■ Exercise directions ■
Starting at the top of the records below and ending with the line that contains "(CLK), XT1.1, XT2.1", print each line exactly as written, skipping the pictures.

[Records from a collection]

<<<<

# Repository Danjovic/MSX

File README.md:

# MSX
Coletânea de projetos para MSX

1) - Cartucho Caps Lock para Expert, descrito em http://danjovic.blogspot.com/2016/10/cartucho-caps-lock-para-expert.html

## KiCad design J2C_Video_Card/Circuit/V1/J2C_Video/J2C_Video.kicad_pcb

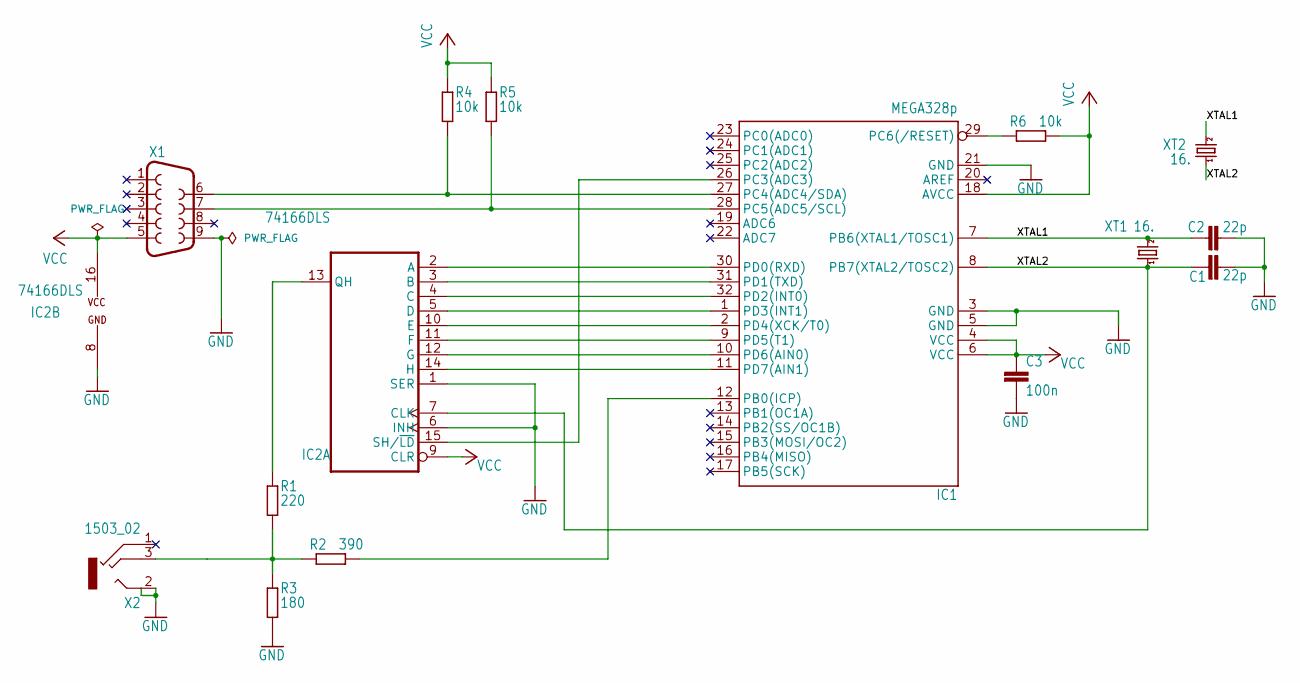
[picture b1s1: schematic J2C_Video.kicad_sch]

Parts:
C1, C2: 22p; C0805
C3: 100n; C0805
IC1: MEGA328p; TQFP32-08; MPN ATMEGA8-16AU
IC2: 74166DLS; SO16
R1: 220; M0805
R2: 390; M0805
R3: 180; M0805
R4, R5, R6: 10k; M0805
X1: F09D
X2: 1503_02
XT1: 16.; TC26V
XT2: 16.; Crystal_HC49-U_Vertical

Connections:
/XTAL1: C2.1, IC1.7 (PB6(XTAL1/TOSC1)), XT1.2, XT2.2
/XTAL2: C1.1, IC1.8 (PB7(XTAL2/TOSC2)), IC2.7 (CLK), XT1.1, XT2.1
GND: C1.2, C2.2, C3.2, IC1.3 (GND), IC1.5 (GND), IC1.21 (GND), IC2.1 (SER), IC2.6 (INH), IC2.8 (GND), R3.2, X1.9, X2.2, X2.2@2 (2)
unnamed: IC1.12 (PB0(ICP)), R2.2
unnamed: IC1.26 (PC3(ADC3)), IC2.15 (SH/~LD)
unnamed: IC1.27 (PC4(ADC4/SDA)), R4.2, X1.6
unnamed: IC1.28 (PC5(ADC5/SCL)), R5.2, X1.7
unnamed: IC1.29 (PC6(/RESET)), R6.1
unnamed: IC1.30 (PD0(RXD)), IC2.2 (A)
unnamed: IC1.31 (PD1(TXD)), IC2.3 (B)
unnamed: IC1.32 (PD2(INT0)), IC2.4 (C)
unnamed: IC1.1 (PD3(INT1)), IC2.5 (D)
unnamed: IC1.2 (PD4(XCK/T0)), IC2.10 (E)
unnamed: IC1.9 (PD5(T1)), IC2.11 (F)
unnamed: IC1.10 (PD6(AIN0)), IC2.12 (G)
unnamed: IC1.11 (PD7(AIN1)), IC2.14 (H)
unnamed: IC2.13 (QH), R1.2
unnamed: R1.1, R2.1, R3.1, X2.3
VCC: C3.1, IC1.4 (VCC), IC1.6 (VCC), IC1.18 (AVCC), IC2.9 (CLR), IC2.16 (VCC), R4.1, R5.1, R6.2, X1.5

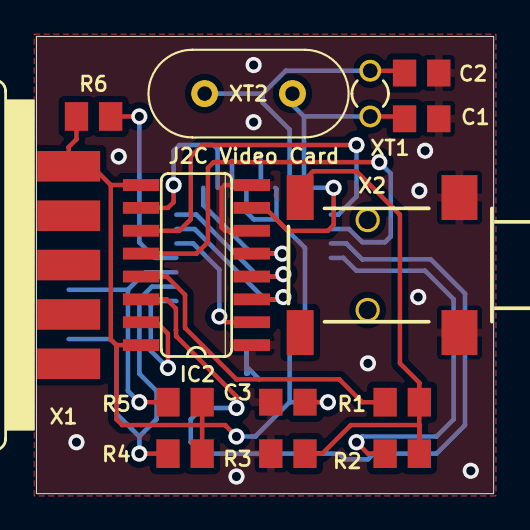
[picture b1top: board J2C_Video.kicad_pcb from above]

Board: 2 copper layers, 25.4 x 25.4 mm, 15 parts (1 on the bottom side), 19 nets.

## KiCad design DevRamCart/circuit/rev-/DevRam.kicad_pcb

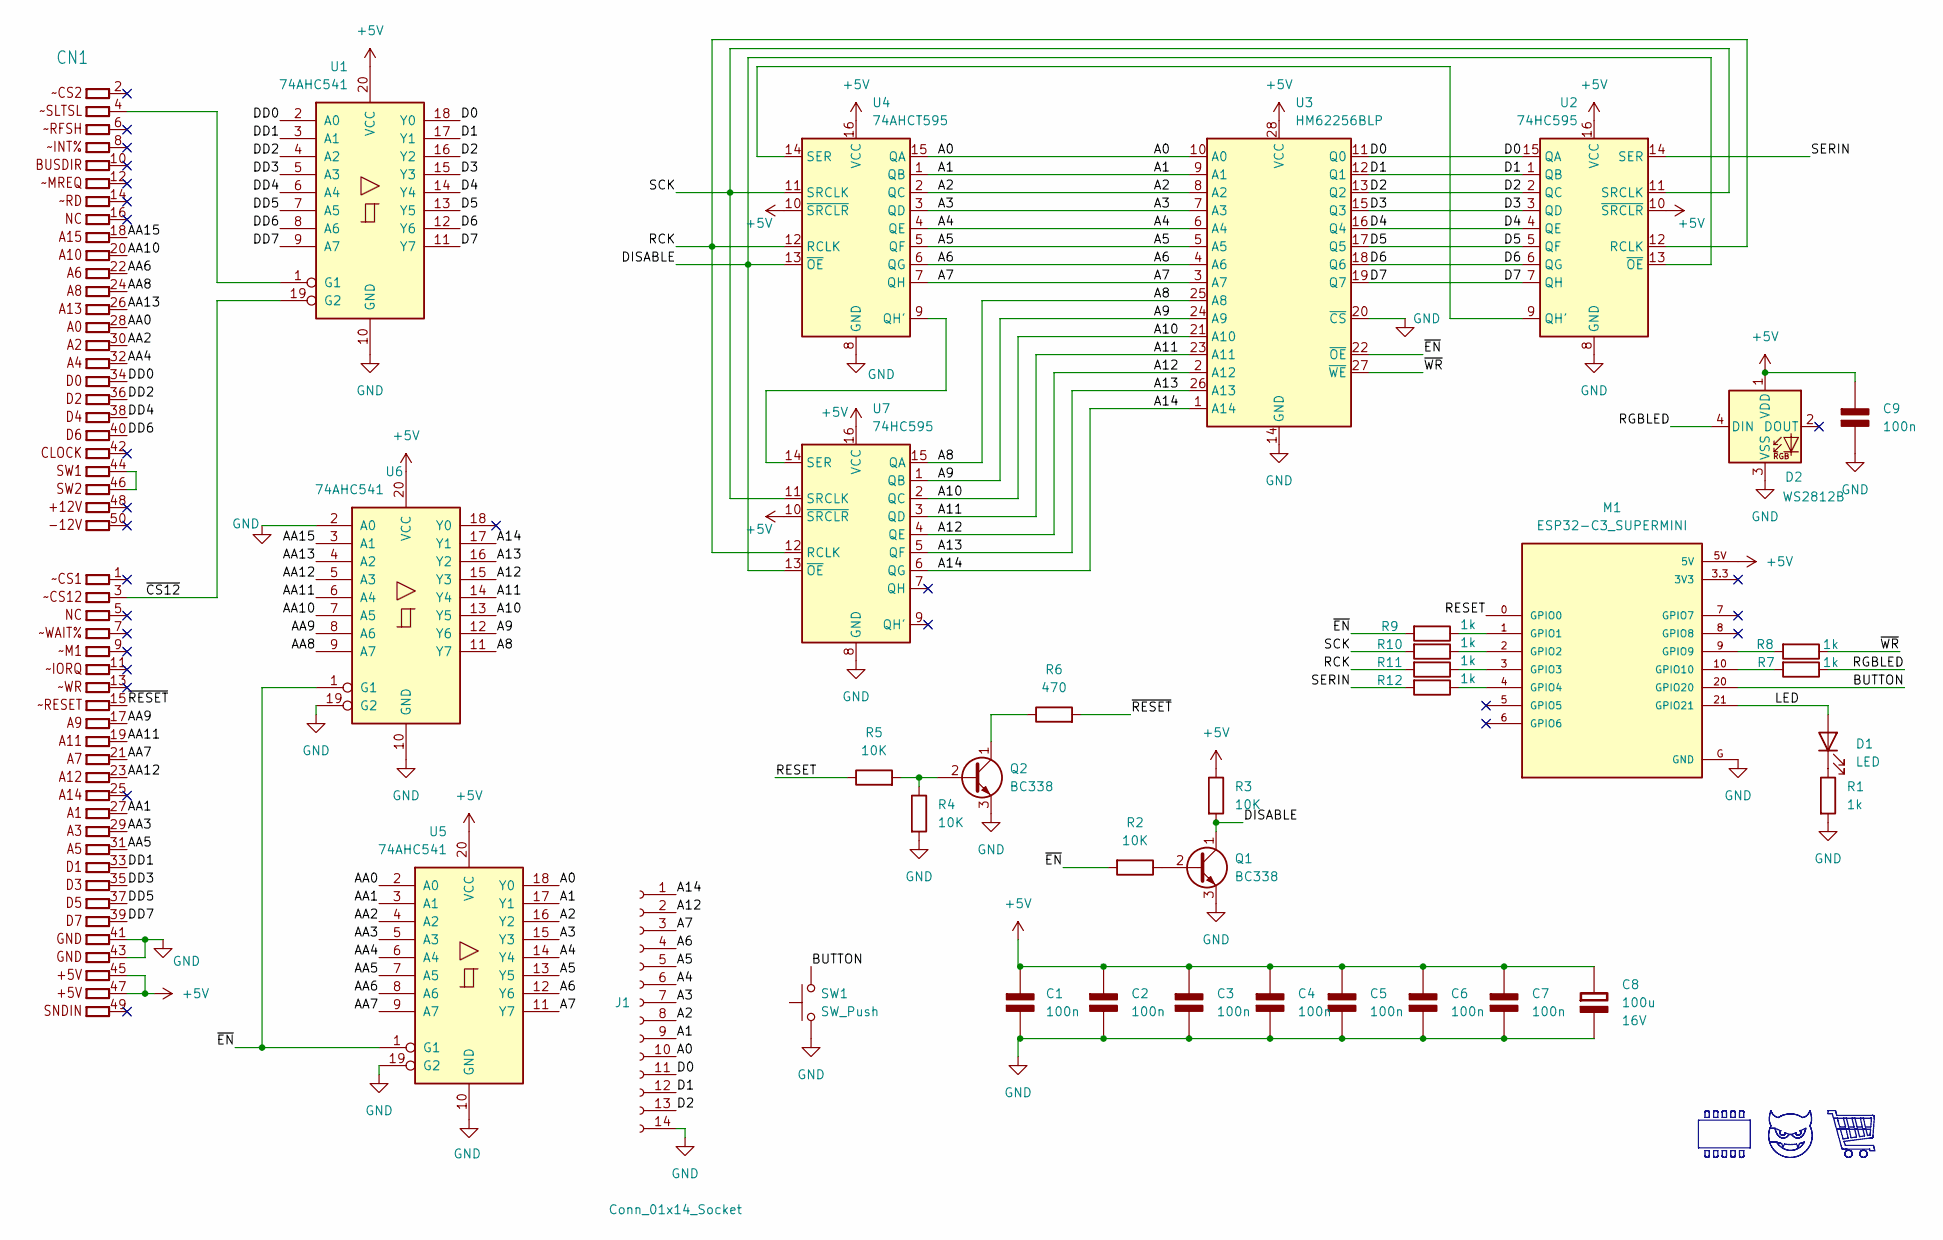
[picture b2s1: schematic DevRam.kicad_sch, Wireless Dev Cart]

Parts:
C1, C2, C3, C4, C5, C6, C7: 100n; C_Disc_D7.5mm_W2.5mm_P5.00mm; Rating V
C8: 100u; CP_Radial_D5.0mm_P2.50mm; Rating 16V
C9: 100n; C_0805_2012Metric; Rating V
CN1: MSXCART
D1: LED; LED_D3.0mm_Horizontal_O1.27mm_Z6.0mm
D2: WS2812B; LED_WS2812B_PLCC4_5.0x5.0mm_P3.2mm
J1: Conn_01x14_Socket; PinHeader_1x14_P2.54mm_Vertical
M1: ESP32-C3_SUPERMINI; MODULE_ESP32-C3_SUPERMINI
Q1, Q2: BC338; TO-92
R1: 1k; R_Axial_DIN0207_L6.3mm_D2.5mm_P7.62mm_Horizontal
R2, R3, R4, R5: 10K; R_Axial_DIN0207_L6.3mm_D2.5mm_P7.62mm_Horizontal
R6: 470; R_Axial_DIN0207_L6.3mm_D2.5mm_P7.62mm_Horizontal
R7, R8, R9, R10, R11, R12: 1k; R_0805_2012Metric
SW1: SW_Push; SW_SPST_Omron_B3F-315x_Angled
U1, U5, U6: 74AHC541; DIP-20_W7.62mm
U2, U7: 74HC595; DIP-16_W7.62mm
U3: HM62256BLP; DIP-28_W7.62mm
U4: 74AHCT595; DIP-16_W7.62mm

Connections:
+5V: C1.1 (+), C2.1 (+), C3.1 (+), C4.1 (+), C5.1 (+), C6.1 (+), C7.1 (+), C8.1 (+), C9.1 (+), CN1.45 (45.+5V), CN1.47 (47.+5V), D2.1 (VDD), M1.5V, R3.1, U1.20 (VCC), U2.10 (~SRCLR), U2.16 (VCC), U3.28 (VCC), U4.10 (~SRCLR), U4.16 (VCC), U5.20 (VCC), U6.20 (VCC), U7.10 (~SRCLR), U7.16 (VCC)
/A0: J1.10, U3.10 (A0), U4.15 (QA), U5.18 (Y0)
/A1: J1.9, U3.9 (A1), U4.1 (QB), U5.17 (Y1)
/A2: J1.8, U3.8 (A2), U4.2 (QC), U5.16 (Y2)
/A3: J1.7, U3.7 (A3), U4.3 (QD), U5.15 (Y3)
/A4: J1.6, U3.6 (A4), U4.4 (QE), U5.14 (Y4)
/A5: J1.5, U3.5 (A5), U4.5 (QF), U5.13 (Y5)
/A6: J1.4, U3.4 (A6), U4.6 (QG), U5.12 (Y6)
/A7: J1.3, U3.3 (A7), U4.7 (QH), U5.11 (Y7)
/A8: U3.25 (A8), U6.11 (Y7), U7.15 (QA)
/A9: U3.24 (A9), U6.12 (Y6), U7.1 (QB)
/A10: U3.21 (A10), U6.13 (Y5), U7.2 (QC)
/A11: U3.23 (A11), U6.14 (Y4), U7.3 (QD)
/A12: J1.2, U3.2 (A12), U6.15 (Y3), U7.4 (QE)
/A13: U3.26 (A13), U6.16 (Y2), U7.5 (QF)
/A14: J1.1, U3.1 (A14), U6.17 (Y1), U7.6 (QG)
/AA0: CN1.28 (28.A0), U5.2 (A0)
/AA1: CN1.27 (27.A1), U5.3 (A1)
/AA2: CN1.30 (30.A2), U5.4 (A2)
/AA3: CN1.29 (29.A3), U5.5 (A3)
/AA4: CN1.32 (32.A4), U5.6 (A4)
/AA5: CN1.31 (31.A5), U5.7 (A5)
/AA6: CN1.22 (22.A6), U5.8 (A6)
/AA7: CN1.21 (21.A7), U5.9 (A7)
/AA8: CN1.24 (24.A8), U6.9 (A7)
/AA9: CN1.17 (17.A9), U6.8 (A6)
/AA10: CN1.20 (20.A10), U6.7 (A5)
/AA11: CN1.19 (19.A11), U6.6 (A4)
/AA12: CN1.23 (23.A12), U6.5 (A3)
/AA13: CN1.26 (26.A13), U6.4 (A2)
/AA15: CN1.18 (18.A15), U6.3 (A1)
/BUTTON: M1.20 (GPIO20), SW1.2
/D0: J1.11, U1.18 (Y0), U2.15 (QA), U3.11 (Q0)
/D1: J1.12, U1.17 (Y1), U2.1 (QB), U3.12 (Q1)
/D2: J1.13, U1.16 (Y2), U2.2 (QC), U3.13 (Q2)
/D3: U1.15 (Y3), U2.3 (QD), U3.15 (Q3)
/D4: U1.14 (Y4), U2.4 (QE), U3.16 (Q4)
/D5: U1.13 (Y5), U2.5 (QF), U3.17 (Q5)
/D6: U1.12 (Y6), U2.6 (QG), U3.18 (Q6)
/D7: U1.11 (Y7), U2.7 (QH), U3.19 (Q7)
/DD0: CN1.34 (34.D0), U1.2 (A0)
/DD1: CN1.33 (33.D1), U1.3 (A1)
/DD2: CN1.36 (36.D2), U1.4 (A2)
/DD3: CN1.35 (35.D3), U1.5 (A3)
/DD4: CN1.38 (38.D4), U1.6 (A4)
/DD5: CN1.37 (37.D5), U1.7 (A5)
/DD6: CN1.40 (40.D6), U1.8 (A6)
/DD7: CN1.39 (39.D7), U1.9 (A7)
/DISABLE: Q1.1 (C), R3.2, U2.13 (~OE), U4.13 (~OE), U7.13 (~OE)
/LED: D1.2 (A), M1.21 (GPIO21)
/RCK: R11.2, U2.12 (RCLK), U4.12 (RCLK), U7.12 (RCLK)
/RESET: M1.0 (GPIO0), R5.1
/RGBLED: D2.4 (DIN), R7.1
/SCK: R10.2, U2.11 (SRCLK), U4.11 (SRCLK), U7.11 (SRCLK)
/SERIN: R12.2, U2.14 (SER)
/~CS12: CN1.3 (3.~CS12), U1.19 (G2)
/~EN: R2.2, R9.2, U3.22 (~OE), U5.1 (G1), U6.1 (G1)
/~RESET: CN1.15 (15.~RESET), R6.2
/~WR: R8.1, U3.27 (~WE)
GND: C1.2 (-), C2.2 (-), C3.2 (-), C4.2 (-), C5.2 (-), C6.2 (-), C7.2 (-), C8.2 (-), C9.2 (-), CN1.41 (41.GND), CN1.43 (43.GND), D2.3 (VSS), J1.14, M1.G (GND), Q1.3 (E), Q2.3 (E), R1.2, R4.2, SW1.1, U1.10 (GND), U2.8 (GND), U3.14 (GND), U3.20 (~CS), U4.8 (GND), U5.10 (GND), U5.19 (G2), U6.2 (A0), U6.10 (GND), U6.19 (G2), U7.8 (GND)
unnamed: CN1.4 (4.~SLTSL), U1.1 (G1)
unnamed: CN1.44 (44.SW1), CN1.46 (46.SW2)
unnamed: D1.1 (K), R1.1
unnamed: Q2.2 (B), R4.1, R5.2
unnamed: Q2.1 (C), R6.1
unnamed: Q1.2 (B), R2.1
unnamed: U4.9 (QH'), U7.14 (SER)
unnamed: U2.9 (QH'), U4.14 (SER)
unnamed: M1.1 (GPIO1), R9.1
unnamed: M1.2 (GPIO2), R10.1
unnamed: M1.3 (GPIO3), R11.1
unnamed: M1.4 (GPIO4), R12.1
unnamed: M1.9 (GPIO9), R8.2
unnamed: M1.10 (GPIO10), R7.2

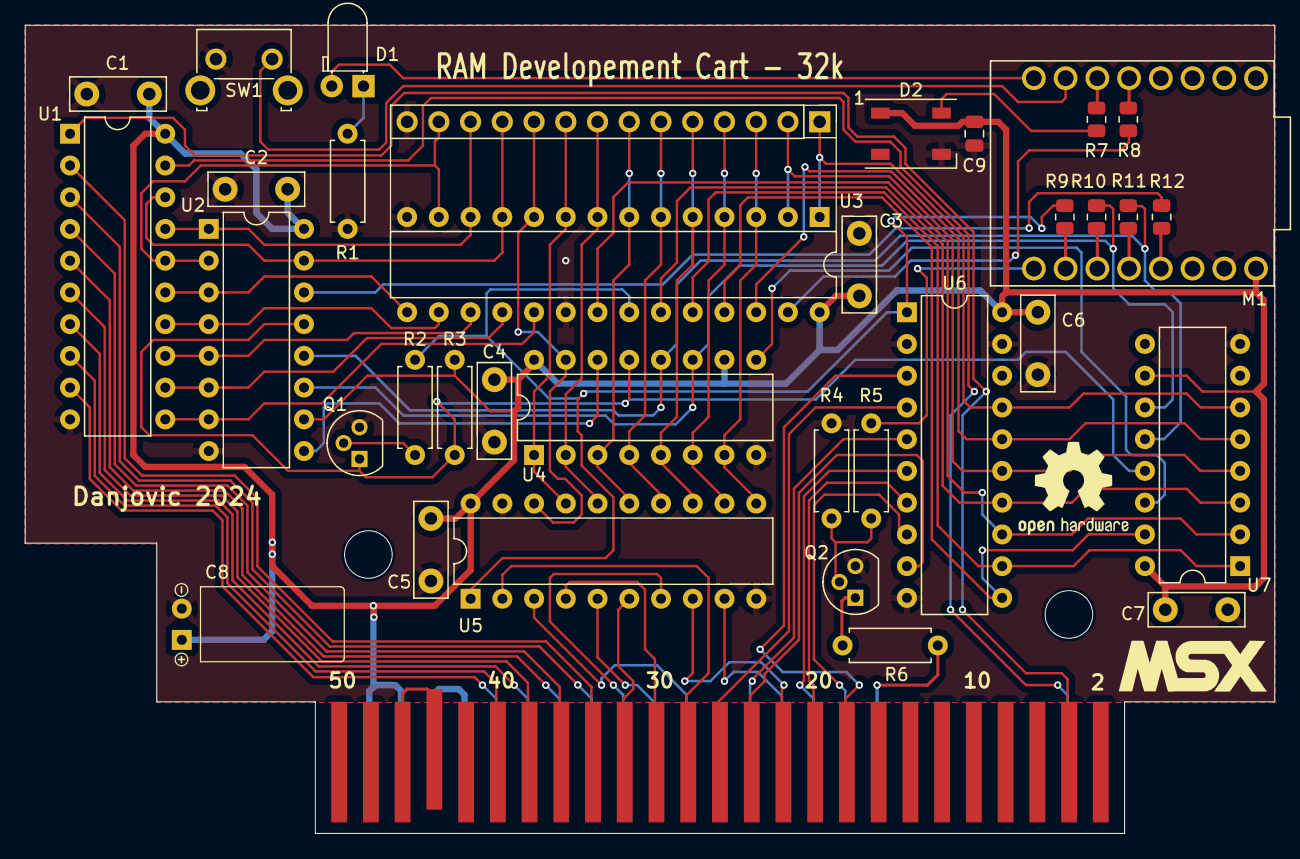
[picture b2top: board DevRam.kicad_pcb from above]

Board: 2 copper layers, 100.0 x 64.7 mm, 36 parts (0 on the bottom side), 74 nets.

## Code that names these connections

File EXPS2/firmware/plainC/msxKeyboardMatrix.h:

//    _____  _____  ___   _____
//   | __\ \/ / _ \/ __| / /_  )
//   | _| >  <|  _/\__ \/ / / /
//   |___/_/\_\_|  |___/_/ /___|
//
//   Teclado PS/2 externo para Expert XP800

// Conexao dos pinos do AVR com a PPI
// AVR interface pin assignment to the PPI

// AVR  PPI

// PC0  PC0   /   sel A
// PC1  PC1   /   sel B
// PC2  PC2   /   sel C
// PC3  PC3   /   sel D

// PD0  PB5   /   X5
// PD1  PB0   /   X0
// PD2  PB6   /   X6
// PD3  PB2   /   X2
// PD4  PB7   /   X7
// PD5  PB4   /   X4
// PD6  PB1   /   X1
// PD7  PB3   /   X3

/*
SH  ROW[0..10] COL [0..7]

    7     6     5     4     3     2     1     0    BIT
 +-----------------------------------------------+
 |SHIFT|       ROW [0..10]     |    COL[0..7]    |
 +-----------------------------------------------+


    7     6     5     4     3     2     1     0    BIT
 +-----------------------------------------------+
 |  7  |  5  |  6  |  4  |  3  |  2  |  1  |  0  |   Row 0
 +-----+-----+-----+-----+-----+-----+-----+-----|
 |  ;  |  [  |  ]  |  \  |  =  |  -  |  9  |  8  |   Row 1
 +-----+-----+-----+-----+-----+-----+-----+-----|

>>>>

■ Written response ■
# Repository Danjovic/MSX

File README.md:

# MSX
Coletânea de projetos para MSX

1) - Cartucho Caps Lock para Expert, descrito em http://danjovic.blogspot.com/2016/10/cartucho-caps-lock-para-expert.html

## KiCad design J2C_Video_Card/Circuit/V1/J2C_Video/J2C_Video.kicad_pcb

[picture b1s1: schematic J2C_Video.kicad_sch]

Parts:
C1, C2: 22p; C0805
C3: 100n; C0805
IC1: MEGA328p; TQFP32-08; MPN ATMEGA8-16AU
IC2: 74166DLS; SO16
R1: 220; M0805
R2: 390; M0805
R3: 180; M0805
R4, R5, R6: 10k; M0805
X1: F09D
X2: 1503_02
XT1: 16.; TC26V
XT2: 16.; Crystal_HC49-U_Vertical

Connections:
/XTAL1: C2.1, IC1.7 (PB6(XTAL1/TOSC1)), XT1.2, XT2.2
/XTAL2: C1.1, IC1.8 (PB7(XTAL2/TOSC2)), IC2.7 (CLK), XT1.1, XT2.1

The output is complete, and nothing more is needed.